# It's Fly Swap Time!



## permitchaser (Aug 26, 2013)

How does it work?


----------



## Troutmaster (Nov 3, 2013)

How does it work, I may be interested 
.


----------



## Snookdaddy (Jan 5, 2008)

> How does it work?


Something like this:
http://www.microskiff.com/cgi-bin/yabb2/YaBB.pl?num=1222438008/0


----------



## dingoatemebaby (Sep 14, 2011)

Thanks snookdaddy! Lets have a list of participants by the end of the month, then we can come up with a shipping date!


----------



## TidewateR (Nov 11, 2009)

I'm in but only if we can keep capacity to 10 or 12.


----------



## permitchaser (Aug 26, 2013)

do we send them to one address or multiple


----------



## permitchaser (Aug 26, 2013)

do we send them to one address or multiple


----------



## Chevystroked383 (Apr 12, 2011)

Im in


----------



## hillcharl (Feb 7, 2011)

I'm in!


----------



## Snookdaddy (Jan 5, 2008)

You send them to one address, usually to the host and with a pre-paid envelope or box, the host sends them out to the participants.
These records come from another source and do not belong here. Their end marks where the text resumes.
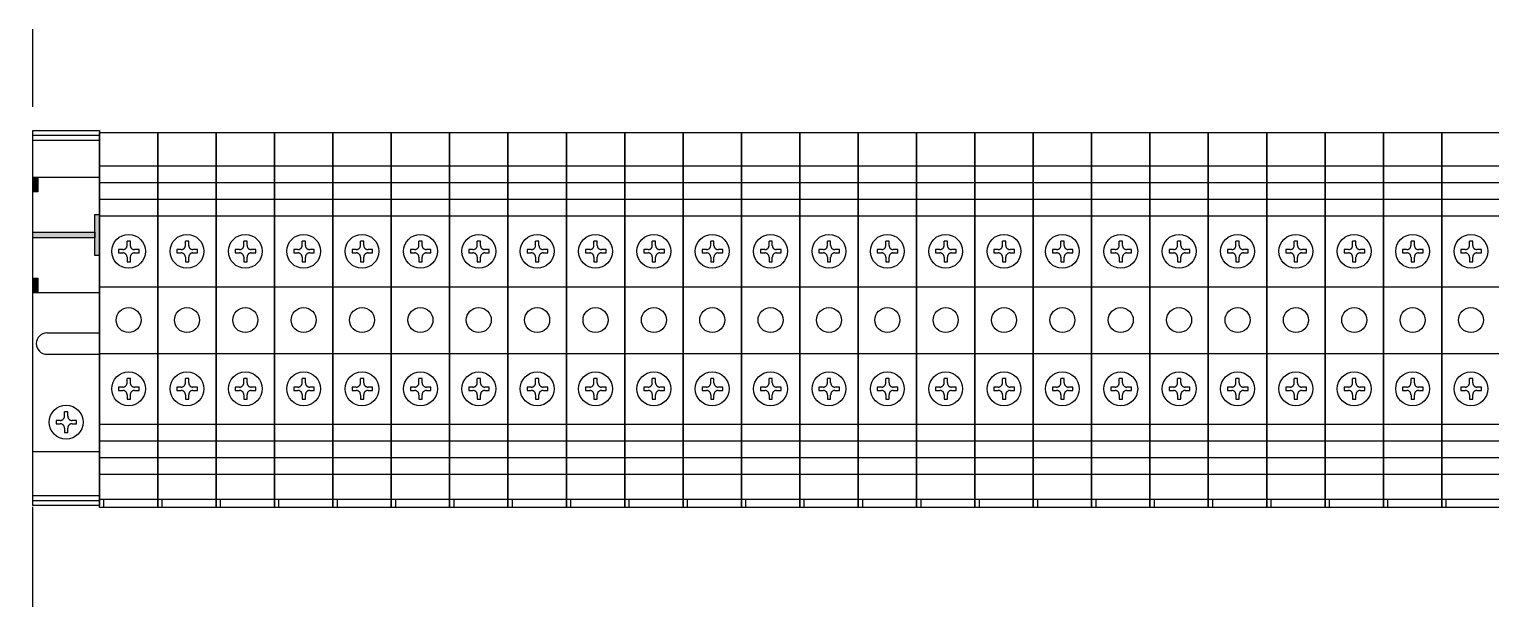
# Model space of a CAD drawing. Extents: x 389647 to 390647, y 333854 to 336054.
# Drawn here: x 390284.1 to 390459.5, y 334570.9 to 334640.2 of the extents above; entities that cross this region are included whole.
import ezdxf

# ---------------------------------------------------------------- set-up
doc = ezdxf.new("R2010")
doc.units = 0
doc.header["$MEASUREMENT"] = 0
doc.linetypes.add('ACAD_ISO02W100', pattern=[15, 12, -3])
doc.layers.add('Layer1', color=7, linetype='Continuous')
doc.layers.add('文字', color=3, linetype='Continuous')

# ---------------------------------------------------------------- blocks, each defined once
blk = doc.blocks.new('424299176141f1d7f-844f-4b45-918a-d4712c876380')
for points in [[(4.76, 79.85), (4.76, 80.45), (3.01, 80.45), (3.01, 79.85)], [(9.62, 73), (10.28, 73), (10.28, 80.45), (9.62, 80.45)], [(15.15, 80.45), (15.15, 79.85), (16.9, 79.85), (16.9, 80.45)], [(7.5, 73), (7.5, 72.45), (12.4, 72.45), (12.4, 73)]]:
    blk.add_hatch(color=7).paths.add_polyline_path(points)
at = {"color": 0}
for p, q in [((-21.91, 80.45), (-21.91, 72.45)), ((-21.31, 80.45), (-21.31, 72.45)), ((-16.02, 80.45), (-16.02, 72.45)), ((21.33, 80.45), (21.33, 72.45)), ((21.92, 80.45), (21.92, 72.45)), ((-4.35, 78.75), (-4.35, 72.45)), ((-1.78, 78.75), (-1.78, 72.45))]:
    blk.add_line(p, q, dxfattribs=at)
at = {"color": 1}
for p, q in [((-21.75, 71.95), (-22.75, 71.95)), ((-21.75, 72.45), (-21.75, 65.45)), ((-18.75, 72.45), (-18.75, 65.45)), ((-16.75, 72.45), (-16.75, 65.45)), ((-14.75, 72.45), (-14.75, 65.45)), ((-12.75, 72.45), (-12.75, 65.45)), ((-4.25, 72.45), (-4.25, 65.45)), ((3.75, 72.45), (3.75, 65.45)), ((12.25, 72.45), (12.25, 65.45)), ((14.25, 72.45), (14.25, 65.45)), ((16.25, 72.45), (16.25, 65.45)), ((18.25, 72.45), (18.25, 65.45)), ((-21.75, 36.95), (-22.75, 36.95)), ((-21.75, 37.45), (-21.75, 30.44)), ((-18.75, 37.45), (-18.75, 30.44)), ((-16.75, 37.45), (-16.75, 30.44)), ((-14.75, 37.45), (-14.75, 30.44)), ((-12.75, 37.45), (-12.75, 30.44)), ((-4.25, 37.45), (-4.25, 30.44)), ((3.75, 37.45), (3.75, 30.44)), ((12.25, 37.45), (12.25, 30.44)), ((14.25, 37.45), (14.25, 30.44)), ((16.25, 37.45), (16.25, 30.44)), ((18.25, 37.45), (18.25, 30.44)), ((-21.75, 1.94), (-22.75, 1.94)), ((-21.75, 2.44), (-21.75, -4.56)), ((-18.75, 2.44), (-18.75, -4.56)), ((-16.75, 2.44), (-16.75, -4.56)), ((-14.75, 2.44), (-14.75, -4.56)), ((-12.75, 2.44), (-12.75, -4.56)), ((-4.25, 2.44), (-4.25, -4.56)), ((3.75, 2.44), (3.75, -4.56)), ((12.25, 2.44), (12.25, -4.56)), ((14.25, 2.44), (14.25, -4.56)), ((16.25, 2.44), (16.25, -4.56)), ((18.25, 2.44), (18.25, -4.56)), ((-21.75, -33.07), (-22.75, -33.07)), ((-21.75, -32.57), (-21.75, -39.57)), ((-18.75, -32.57), (-18.75, -39.57)), ((-16.75, -32.57), (-16.75, -39.57)), ((-14.75, -32.57), (-14.75, -39.57)), ((-12.75, -32.57), (-12.75, -39.57)), ((-4.25, -32.57), (-4.25, -39.57)), ((3.75, -32.57), (3.75, -39.57)), ((12.25, -32.57), (12.25, -39.57)), ((14.25, -32.57), (14.25, -39.57)), ((16.25, -32.57), (16.25, -39.57)), ((18.25, -32.57), (18.25, -39.57)), ((-21.75, -68.08), (-22.75, -68.08)), ((-21.75, -67.58), (-21.75, -74.58)), ((-18.75, -67.58), (-18.75, -74.58)), ((-16.75, -67.58), (-16.75, -74.58)), ((-14.75, -67.58), (-14.75, -74.58)), ((-12.75, -67.58), (-12.75, -74.58)), ((-4.25, -67.58), (-4.25, -74.58)), ((3.75, -67.58), (3.75, -74.58)), ((12.25, -67.58), (12.25, -74.58)), ((14.25, -67.58), (14.25, -74.58)), ((16.25, -67.58), (16.25, -74.58)), ((18.25, -67.58), (18.25, -74.58))]:
    blk.add_line(p, q, dxfattribs=at)
at = {"color": 7}
for p, q in [((-21.75, 64.95), (-22.75, 64.95)), ((-21.75, 65.45), (-21.75, 58.45)), ((-18.75, 65.45), (-18.75, 58.45)), ((-16.75, 65.45), (-16.75, 58.45)), ((-14.75, 65.45), (-14.75, 58.45)), ((-12.75, 65.45), (-12.75, 58.45)), ((-4.25, 65.45), (-4.25, 58.45)), ((3.75, 65.45), (3.75, 58.45)), ((12.25, 65.45), (12.25, 58.45)), ((14.25, 65.45), (14.25, 58.45)), ((16.25, 65.45), (16.25, 58.45)), ((18.25, 65.45), (18.25, 58.45)), ((-21.75, 50.95), (-22.75, 50.95)), ((-21.75, 51.45), (-21.75, 44.45)), ((-18.75, 51.45), (-18.75, 44.45)), ((-16.75, 51.45), (-16.75, 44.45)), ((-14.75, 51.45), (-14.75, 44.45)), ((-12.75, 51.45), (-12.75, 44.45)), ((-4.25, 51.45), (-4.25, 44.45)), ((3.75, 51.45), (3.75, 44.45)), ((12.25, 51.45), (12.25, 44.45)), ((14.25, 51.45), (14.25, 44.45)), ((16.25, 51.45), (16.25, 44.45)), ((18.25, 51.45), (18.25, 44.45)), ((-21.75, 29.94), (-22.75, 29.94)), ((-21.75, 30.44), (-21.75, 23.44)), ((-18.75, 30.44), (-18.75, 23.44)), ((-16.75, 30.44), (-16.75, 23.44)), ((-14.75, 30.44), (-14.75, 23.44)), ((-12.75, 30.44), (-12.75, 23.44)), ((-4.25, 30.44), (-4.25, 23.44)), ((3.75, 30.44), (3.75, 23.44)), ((12.25, 30.44), (12.25, 23.44)), ((14.25, 30.44), (14.25, 23.44)), ((16.25, 30.44), (16.25, 23.44)), ((18.25, 30.44), (18.25, 23.44)), ((-21.75, 15.94), (-22.75, 15.94)), ((-21.75, 16.44), (-21.75, 9.44)), ((-18.75, 16.44), (-18.75, 9.44)), ((-16.75, 16.44), (-16.75, 9.44)), ((-14.75, 16.44), (-14.75, 9.44)), ((-12.75, 16.44), (-12.75, 9.44)), ((-4.25, 16.44), (-4.25, 9.44)), ((3.75, 16.44), (3.75, 9.44)), ((12.25, 16.44), (12.25, 9.44)), ((14.25, 16.44), (14.25, 9.44)), ((16.25, 16.44), (16.25, 9.44)), ((18.25, 16.44), (18.25, 9.44)), ((-21.75, -5.06), (-22.75, -5.06)), ((-21.75, -4.56), (-21.75, -11.56)), ((-18.75, -4.56), (-18.75, -11.56)), ((-16.75, -4.56), (-16.75, -11.56)), ((-14.75, -4.56), (-14.75, -11.56)), ((-12.75, -4.56), (-12.75, -11.56)), ((-4.25, -4.56), (-4.25, -11.56)), ((3.75, -4.56), (3.75, -11.56)), ((12.25, -4.56), (12.25, -11.56)), ((14.25, -4.56), (14.25, -11.56)), ((16.25, -4.56), (16.25, -11.56)), ((18.25, -4.56), (18.25, -11.56)), ((-21.75, -19.07), (-22.75, -19.07)), ((-21.75, -18.57), (-21.75, -25.57)), ((-18.75, -18.57), (-18.75, -25.57)), ((-16.75, -18.57), (-16.75, -25.57)), ((-14.75, -18.57), (-14.75, -25.57)), ((-12.75, -18.57), (-12.75, -25.57)), ((-4.25, -18.57), (-4.25, -25.57)), ((3.75, -18.57), (3.75, -25.57)), ((12.25, -18.57), (12.25, -25.57)), ((14.25, -18.57), (14.25, -25.57)), ((16.25, -18.57), (16.25, -25.57)), ((18.25, -18.57), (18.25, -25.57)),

It is customary to send the host an extra fly or two for the effort. 

Jest Saying!

Swap On!


----------



## saltydg0089 (Apr 15, 2013)

I'm in


----------



## KnotHome (Jul 21, 2009)

I'm interested depending on what we're tying.


----------



## JohnnyTsu (Oct 30, 2012)

I'm in.


----------



## gfish (Jan 14, 2009)

In


----------



## dingoatemebaby (Sep 14, 2011)

Let's limit it to 12, here's what the list looks like so far, if there is a *** next to your name please PM me and let me know if you're definitely in.  As far as what type of fly I'm not picky, as long as it catches fish, how about inshore patterns for trout, reds, whatever else is hungry?  I'll PM my address to participants, please include $5 and return address for USPS flat rate shipping, lets have all flies completed by December 20 giving us one month from today.  Cheers! 
1.  dingoatemebaby
2.  permitchaser ***
3.  Bustaschell ***
4.  Snookdaddy (I'm pretty sure youre down!)
5.  _TidewateR
6.  Red ripper
7.  thrill203
8.  Salty
9.  KnotHome ***
10.  Tsunami
11.  backbone
12. snookintime

I'll post up a pic of what I'll be tying later today.


----------



## [email protected] (Aug 15, 2010)

Im in. Can tie up some god bait fish patters for reds and snook, tarpon toads, and bonefish/permit flies.


----------



## dingoatemebaby (Sep 14, 2011)

snookintime is #12!


----------



## IRLyRiser (Feb 14, 2007)

Put me in as an alternate.


----------



## dingoatemebaby (Sep 14, 2011)

> Put me in as an alternate.


You're in, I'll update the list!

1. dingoatemebaby
2. permitchaser ***
3. Bustaschell ***
4. Snookdaddy (I'm pretty sure youre down!)
5. _TidewateR
6. Red ripper
7. thrill203
8. Salty
9. IRLyRiser
10. Tsunami
11. backbone
12. snookintime


----------



## tspates (Nov 13, 2013)

If you have someone drop out, I would like to join.


----------



## permitchaser (Aug 26, 2013)

in


----------



## Sallen427 (Feb 12, 2011)

I would be down for this if someone backs out.


----------



## Chevystroked383 (Apr 12, 2011)

Mine are tied ready for shipping need address


----------



## gfish (Jan 14, 2009)

Due to time constraints, I can't make the deadline. 
Someone can have my spot.


----------



## Snookdaddy (Jan 5, 2008)

Please give my spot to one of the alternates.


----------



## IRLyRiser (Feb 14, 2007)

Deadlines are loose guidelines in fly swaps. I'm still waiting for my flies from 2010 on the drake.


----------



## dingoatemebaby (Sep 14, 2011)

Updated list, contact info being sent today, if we could stay close on the deadline I wont have to deal with shipping around the holidays, thanks!

1.  dingoatemebaby
2.  permitchaser ***
3.  Bustaschell ***
4.  Killifish
5.  _TidewateR
6.  Red ripper
7.  thrill203
8.  Salty
9.  IRLyRiser
10.  Tsunami
11.  Fly_Thad
12.  snookintime


----------



## [email protected] (Aug 15, 2010)

how many flies does everyone typically send?


----------



## KnotHome (Jul 21, 2009)

1 for everyone else in the swap, and its customary to send a bonus fly or 2 as a thank you to the coordinator.


----------



## iFly (Mar 9, 2010)

> Deadlines are loose guidelines in fly swaps. I'm still waiting for my flies from 2010 on the drake.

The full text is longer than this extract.